Maa-nulth First Nations
After 15 years of negotiation, ratification for the Final Agreement for the Maa-nulth First Nations was completed in June 2009. The Maa-nulth First Nations are comprised of five nations with a population of about 2,125, whose territories are located on the west coast of Vancouver Island surrounding Barkley and Kyuquot Sounds. The Agreement provides 24,550 hectares and approximately $73 million in capital to the Nations, as well as self-government and access to resources and resource revenues.
The date upon which the treaty is to take effect has not yet been set. However, there have been early land transfers to Maa-nulth First Nations before the treaty takes effect, enabling the Nations to pursue community and economic activities with these lands.
Lheidli T’enneh First Nation
The Lheidli T’enneh First Nation (near Prince George) reached a Final Agreement in 2006, however this Agreement failed the ratification vote by the Lheidli T’enneh membership. The Band has been seeking more input from its members to determine whether the Final Agreement is sufficient, and whether a second ratification vote should be held.
In-SHUCK-ch First Nation
The parties at this table are working toward final agreement by the end of 2009. The Treaty Commission reports that the outstanding issues at this table revolve around the Nation’s concern that the treaty provides sufficient resources (including fisheries and financial resources) to build a solid economy for the community.
Sliammon First Nation
This First Nation, near Powell River on the Sunshine Coast, signed an AIP in December 2003, and is moving toward final agreement. However, the Treaty Commission identifies the lack of a fisheries mandate from the federal government as a major obstacle to final agreement.
In the meantime
Because treaty negotiations take many years, important issues arise between the parties in the meantime. For instance, often the land in a First Nation’s traditional territory will be targeted by third parties or government for resource exploitation or other economic activities. At the same time, First Nations continue to struggle economically while their land claims remain unresolved.

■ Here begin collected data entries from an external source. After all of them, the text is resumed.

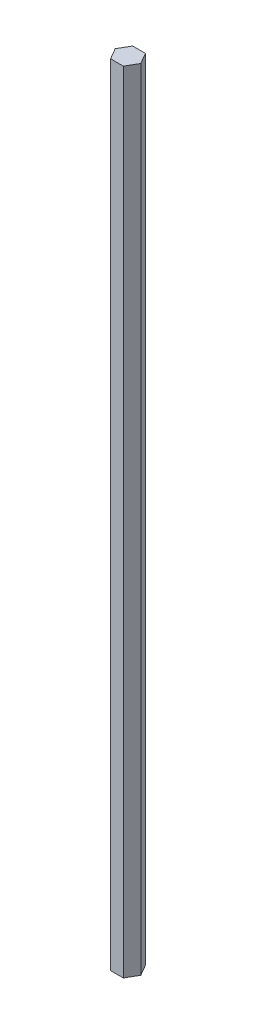
ISO-10303-21;
HEADER;
FILE_DESCRIPTION(('STEP AP214'),'2;1');
FILE_NAME('part.step','',(''),(''),'','','');
FILE_SCHEMA(('AUTOMOTIVE_DESIGN { 1 0 10303 214 1 1 1 1 }'));
ENDSEC;
DATA;
#1=APPLICATION_CONTEXT('core data for automotive mechanical design processes');
#2=APPLICATION_PROTOCOL_DEFINITION('international standard','automotive_design',2000,#1);
#3=PRODUCT_CONTEXT('',#1,'mechanical');
#4=PRODUCT('Part','Part','',(#3));
#5=PRODUCT_RELATED_PRODUCT_CATEGORY('part','',(#4));
#6=PRODUCT_DEFINITION_FORMATION('','',#4);
#7=PRODUCT_DEFINITION_CONTEXT('part definition',#1,'design');
#8=PRODUCT_DEFINITION('design','',#6,#7);
#9=PRODUCT_DEFINITION_SHAPE('','',#8);
#10=(LENGTH_UNIT() NAMED_UNIT(*) SI_UNIT(.MILLI.,.METRE.));
#11=(NAMED_UNIT(*) PLANE_ANGLE_UNIT() SI_UNIT($,.RADIAN.));
#12=(NAMED_UNIT(*) SI_UNIT($,.STERADIAN.) SOLID_ANGLE_UNIT());
#13=UNCERTAINTY_MEASURE_WITH_UNIT(LENGTH_MEASURE(1.E-05),#10,'distance_accuracy_value','');
#14=(GEOMETRIC_REPRESENTATION_CONTEXT(3) GLOBAL_UNCERTAINTY_ASSIGNED_CONTEXT((#13)) GLOBAL_UNIT_ASSIGNED_CONTEXT((#10,
#11,#12)) REPRESENTATION_CONTEXT('',''));
#15=CARTESIAN_POINT('',(0.,0.,0.));
#16=DIRECTION('',(0.,0.,1.));
#17=DIRECTION('',(1.,0.,0.));
#18=AXIS2_PLACEMENT_3D('',#15,#16,#17);
#19=CARTESIAN_POINT('',(2.02072594216369,250.,3.5));
#20=DIRECTION('',(-0.866025403784439,0.,-0.5));
#21=DIRECTION('',(-0.5,0.,0.866025403784439));
#22=AXIS2_PLACEMENT_3D('',#19,#20,#21);
#23=PLANE('',#22);
#24=DIRECTION('',(0.5,0.,-0.866025403784438));
#25=VECTOR('',#24,1.);
#26=CARTESIAN_POINT('',(2.02072594216369,0.,3.5));
#27=LINE('',#26,#25);
#28=CARTESIAN_POINT('',(2.02072594216369,0.,3.5));
#29=VERTEX_POINT('',#28);
#30=CARTESIAN_POINT('',(4.04145188432738,0.,0.));
#31=VERTEX_POINT('',#30);
#32=EDGE_CURVE('E118',#29,#31,#27,.T.);
#33=ORIENTED_EDGE('',*,*,#32,.T.);
#34=DIRECTION('',(0.,-1.,0.));
#35=VECTOR('',#34,1.);
#36=CARTESIAN_POINT('',(4.04145188432738,250.,0.));
#37=LINE('',#36,#35);
#38=CARTESIAN_POINT('',(4.04145188432738,250.,0.));
#39=VERTEX_POINT('',#38);
#40=EDGE_CURVE('E11',#39,#31,#37,.T.);
#41=ORIENTED_EDGE('',*,*,#40,.F.);
#42=DIRECTION('',(0.5,0.,-0.866025403784438));
#43=VECTOR('',#42,1.);
#44=CARTESIAN_POINT('',(2.02072594216369,250.,3.5));
#45=LINE('',#44,#43);
#46=CARTESIAN_POINT('',(2.02072594216369,250.,3.5));
#47=VERTEX_POINT('',#46);
#48=EDGE_CURVE('E128',#47,#39,#45,.T.);
#49=ORIENTED_EDGE('',*,*,#48,.F.);
#50=DIRECTION('',(0.,-1.,0.));
#51=VECTOR('',#50,1.);
#52=CARTESIAN_POINT('',(2.02072594216369,250.,3.5));
#53=LINE('',#52,#51);
#54=EDGE_CURVE('E114',#47,#29,#53,.T.);
#55=ORIENTED_EDGE('',*,*,#54,.T.);
#56=EDGE_LOOP('',(#33,#41,#49,#55));
#57=FACE_BOUND('',#56,.T.);
#58=ADVANCED_FACE('F34',(#57),#23,.F.);
#59=CARTESIAN_POINT('',(4.04145188432738,250.,0.));
#60=DIRECTION('',(-0.866025403784438,0.,0.5));
#61=DIRECTION('',(0.5,0.,0.866025403784438));
#62=AXIS2_PLACEMENT_3D('',#59,#60,#61);
#63=PLANE('',#62);
#64=DIRECTION('',(-0.5,0.,-0.866025403784438));
#65=VECTOR('',#64,1.);
#66=CARTESIAN_POINT('',(4.04145188432738,0.,0.));
#67=LINE('',#66,#65);
#68=CARTESIAN_POINT('',(2.02072594216369,0.,-3.5));
#69=VERTEX_POINT('',#68);
#70=EDGE_CURVE('E121',#31,#69,#67,.T.);
#71=ORIENTED_EDGE('',*,*,#70,.T.);
#72=DIRECTION('',(0.,-1.,0.));
#73=VECTOR('',#72,1.);
#74=CARTESIAN_POINT('',(2.02072594216369,250.,-3.5));
#75=LINE('',#74,#73);
#76=CARTESIAN_POINT('',(2.02072594216369,250.,-3.5));
#77=VERTEX_POINT('',#76);
#78=EDGE_CURVE('E42',#77,#69,#75,.T.);
#79=ORIENTED_EDGE('',*,*,#78,.F.);
#80=DIRECTION('',(-0.5,0.,-0.866025403784438));
#81=VECTOR('',#80,1.);
#82=CARTESIAN_POINT('',(4.04145188432738,250.,0.));
#83=LINE('',#82,#81);
#84=EDGE_CURVE('E87',#39,#77,#83,.T.);
#85=ORIENTED_EDGE('',*,*,#84,.F.);
#86=ORIENTED_EDGE('',*,*,#40,.T.);
#87=EDGE_LOOP('',(#71,#79,#85,#86));
#88=FACE_BOUND('',#87,.T.);
#89=ADVANCED_FACE('F152',(#88),#63,.F.);
#90=CARTESIAN_POINT('',(2.02072594216369,250.,-3.5));
#91=DIRECTION('',(0.,0.,1.));
#92=DIRECTION('',(1.,0.,0.));
#93=AXIS2_PLACEMENT_3D('',#90,#91,#92);
#94=PLANE('',#93);
#95=DIRECTION('',(-1.,0.,0.));
#96=VECTOR('',#95,1.);
#97=CARTESIAN_POINT('',(2.02072594216369,0.,-3.5));
#98=LINE('',#97,#96);
#99=CARTESIAN_POINT('',(-2.02072594216369,0.,-3.5));
#100=VERTEX_POINT('',#99);
#101=EDGE_CURVE('E123',#69,#100,#98,.T.);
#102=ORIENTED_EDGE('',*,*,#101,.T.);
#103=DIRECTION('',(0.,-1.,0.));
#104=VECTOR('',#103,1.);
#105=CARTESIAN_POINT('',(-2.02072594216369,250.,-3.5));
#106=LINE('',#105,#104);
#107=CARTESIAN_POINT('',(-2.02072594216369,250.,-3.5));
#108=VERTEX_POINT('',#107);
#109=EDGE_CURVE('E109',#108,#100,#106,.T.);
#110=ORIENTED_EDGE('',*,*,#109,.F.);
#111=DIRECTION('',(-1.,0.,0.));
#112=VECTOR('',#111,1.);
#113=CARTESIAN_POINT('',(2.02072594216369,250.,-3.5));
#114=LINE('',#113,#112);
#115=EDGE_CURVE('E100',#77,#108,#114,.T.);
#116=ORIENTED_EDGE('',*,*,#115,.F.);
#117=ORIENTED_EDGE('',*,*,#78,.T.);
#118=EDGE_LOOP('',(#102,#110,#116,#117));
#119=FACE_BOUND('',#118,.T.);
#120=ADVANCED_FACE('F134',(#119),#94,.F.);
#121=CARTESIAN_POINT('',(-2.02072594216369,250.,-3.5));
#122=DIRECTION('',(0.866025403784439,0.,0.5));
#123=DIRECTION('',(0.5,0.,-0.866025403784439));
#124=AXIS2_PLACEMENT_3D('',#121,#122,#123);
#125=PLANE('',#124);
#126=DIRECTION('',(-0.5,0.,0.866025403784439));
#127=VECTOR('',#126,1.);
#128=CARTESIAN_POINT('',(-2.02072594216369,0.,-3.5));
#129=LINE('',#128,#127);
#130=CARTESIAN_POINT('',(-4.04145188432738,0.,0.));
#131=VERTEX_POINT('',#130);
#132=EDGE_CURVE('E108',#100,#131,#129,.T.);
#133=ORIENTED_EDGE('',*,*,#132,.T.);
#134=DIRECTION('',(0.,-1.,0.));
#135=VECTOR('',#134,1.);
#136=CARTESIAN_POINT('',(-4.04145188432738,250.,0.));
#137=LINE('',#136,#135);
#138=CARTESIAN_POINT('',(-4.04145188432738,250.,0.));
#139=VERTEX_POINT('',#138);
#140=EDGE_CURVE('E105',#139,#131,#137,.T.);
#141=ORIENTED_EDGE('',*,*,#140,.F.);
#142=DIRECTION('',(-0.5,0.,0.866025403784439));
#143=VECTOR('',#142,1.);
#144=CARTESIAN_POINT('',(-2.02072594216369,250.,-3.5));
#145=LINE('',#144,#143);
#146=EDGE_CURVE('E94',#108,#139,#145,.T.);
#147=ORIENTED_EDGE('',*,*,#146,.F.);
#148=ORIENTED_EDGE('',*,*,#109,.T.);
#149=EDGE_LOOP('',(#133,#141,#147,#148));
#150=FACE_BOUND('',#149,.T.);
#151=ADVANCED_FACE('F106',(#150),#125,.F.);
#152=CARTESIAN_POINT('',(-4.04145188432738,250.,0.));
#153=DIRECTION('',(0.866025403784439,0.,-0.5));
#154=DIRECTION('',(-0.5,0.,-0.866025403784439));
#155=AXIS2_PLACEMENT_3D('',#152,#153,#154);
#156=PLANE('',#155);
#157=DIRECTION('',(0.5,0.,0.866025403784439));
#158=VECTOR('',#157,1.);
#159=CARTESIAN_POINT('',(-4.04145188432738,0.,0.));
#160=LINE('',#159,#158);
#161=CARTESIAN_POINT('',(-2.02072594216369,0.,3.5));
#162=VERTEX_POINT('',#161);
#163=EDGE_CURVE('E73',#131,#162,#160,.T.);
#164=ORIENTED_EDGE('',*,*,#163,.T.);
#165=DIRECTION('',(0.,-1.,0.));
#166=VECTOR('',#165,1.);
#167=CARTESIAN_POINT('',(-2.02072594216369,250.,3.5));
#168=LINE('',#167,#166);
#169=CARTESIAN_POINT('',(-2.02072594216369,250.,3.5));
#170=VERTEX_POINT('',#169);
#171=EDGE_CURVE('E110',#170,#162,#168,.T.);
#172=ORIENTED_EDGE('',*,*,#171,.F.);
#173=DIRECTION('',(0.5,0.,0.866025403784439));
#174=VECTOR('',#173,1.);
#175=CARTESIAN_POINT('',(-4.04145188432738,250.,0.));
#176=LINE('',#175,#174);
#177=EDGE_CURVE('E98',#139,#170,#176,.T.);
#178=ORIENTED_EDGE('',*,*,#177,.F.);
#179=ORIENTED_EDGE('',*,*,#140,.T.);
#180=EDGE_LOOP('',(#164,#172,#178,#179));
#181=FACE_BOUND('',#180,.T.);
#182=ADVANCED_FACE('F112',(#181),#156,.F.);
#183=CARTESIAN_POINT('',(-2.02072594216369,250.,3.5));
#184=DIRECTION('',(0.,0.,-1.));
#185=DIRECTION('',(-1.,0.,0.));
#186=AXIS2_PLACEMENT_3D('',#183,#184,#185);
#187=PLANE('',#186);
#188=DIRECTION('',(1.,0.,0.));
#189=VECTOR('',#188,1.);
#190=CARTESIAN_POINT('',(-2.02072594216369,0.,3.5));
#191=LINE('',#190,#189);
#192=EDGE_CURVE('E79',#162,#29,#191,.T.);
#193=ORIENTED_EDGE('',*,*,#192,.T.);
#194=ORIENTED_EDGE('',*,*,#54,.F.);
#195=DIRECTION('',(1.,0.,0.));
#196=VECTOR('',#195,1.);
#197=CARTESIAN_POINT('',(-2.02072594216369,250.,3.5));
#198=LINE('',#197,#196);
#199=EDGE_CURVE('E50',#170,#47,#198,.T.);
#200=ORIENTED_EDGE('',*,*,#199,.F.);
#201=ORIENTED_EDGE('',*,*,#171,.T.);
#202=EDGE_LOOP('',(#193,#194,#200,#201));
#203=FACE_BOUND('',#202,.T.);
#204=ADVANCED_FACE('F141',(#203),#187,.F.);
#205=CARTESIAN_POINT('',(0.,250.,0.));
#206=DIRECTION('',(0.,1.,0.));
#207=DIRECTION('',(0.,0.,1.));
#208=AXIS2_PLACEMENT_3D('',#205,#206,#207);
#209=PLANE('',#208);
#210=ORIENTED_EDGE('',*,*,#48,.T.);
#211=ORIENTED_EDGE('',*,*,#84,.T.);
#212=ORIENTED_EDGE('',*,*,#115,.T.);
#213=ORIENTED_EDGE('',*,*,#146,.T.);
#214=ORIENTED_EDGE('',*,*,#177,.T.);
#215=ORIENTED_EDGE('',*,*,#199,.T.);
#216=EDGE_LOOP('',(#210,#211,#212,#213,#214,#215));
#217=FACE_BOUND('',#216,.T.);
#218=ADVANCED_FACE('F96',(#217),#209,.T.);
#219=CARTESIAN_POINT('',(0.,0.,0.));
#220=DIRECTION('',(0.,1.,0.));
#221=DIRECTION('',(0.,0.,1.));
#222=AXIS2_PLACEMENT_3D('',#219,#220,#221);
#223=PLANE('',#222);
#224=ORIENTED_EDGE('',*,*,#32,.F.);
#225=ORIENTED_EDGE('',*,*,#192,.F.);
#226=ORIENTED_EDGE('',*,*,#163,.F.);
#227=ORIENTED_EDGE('',*,*,#132,.F.);
#228=ORIENTED_EDGE('',*,*,#101,.F.);
#229=ORIENTED_EDGE('',*,*,#70,.F.);
#230=EDGE_LOOP('',(#224,#225,#226,#227,#228,#229));
#231=FACE_BOUND('',#230,.T.);
#232=ADVANCED_FACE('F137',(#231),#223,.F.);
#233=CLOSED_SHELL('',(#58,#89,#120,#151,#182,#204,#218,#232));
#234=MANIFOLD_SOLID_BREP('B2',#233);
#235=ADVANCED_BREP_SHAPE_REPRESENTATION('',(#18,#234),#14);
#236=SHAPE_DEFINITION_REPRESENTATION(#9,#235);
ENDSEC;
END-ISO-10303-21;

Incremental treaty agreements
Two First Nations have entered into “incremental” treaty agreements with the Crown under the B.C. treaty process. The Klahoose First Nation, which is negotiating its AIP, has received money from B.C. to purchase a Tree Farm License in their traditional territory while their treaty is still being negotiated. The Tla-o-qui-aht First Nation will receive 63 hectares of land as milestones in their treaty negotiation are met. This land will form part of their Final Agreement settlement, when that is reached.
Consultation and accommodation
Outside the treaty process, but related to it, First Nations are entering into accommodation agreements with Crown and industry while economic activities are pursued on lands to which claims remain unresolved. This is based upon the judgment of the Supreme Court of Canada in Haida Nation v. British Columbia (Minister of Forests) 2004 SCC 73. In that important case dealing with the rights of First Nations whose claims remain unresolved, the Court held that while First Nations are in the process of establishing their rights to resources and title to land, they have the right to be consulted and, where appropriate, accommodated for infringements upon those interests.
[i] Quoted in S.L. Harring, White Man’s Law: Native People in Nineteenth-Century Canadian Jurisprudence, (Toronto: University of Toronto Press, 1998) at 212.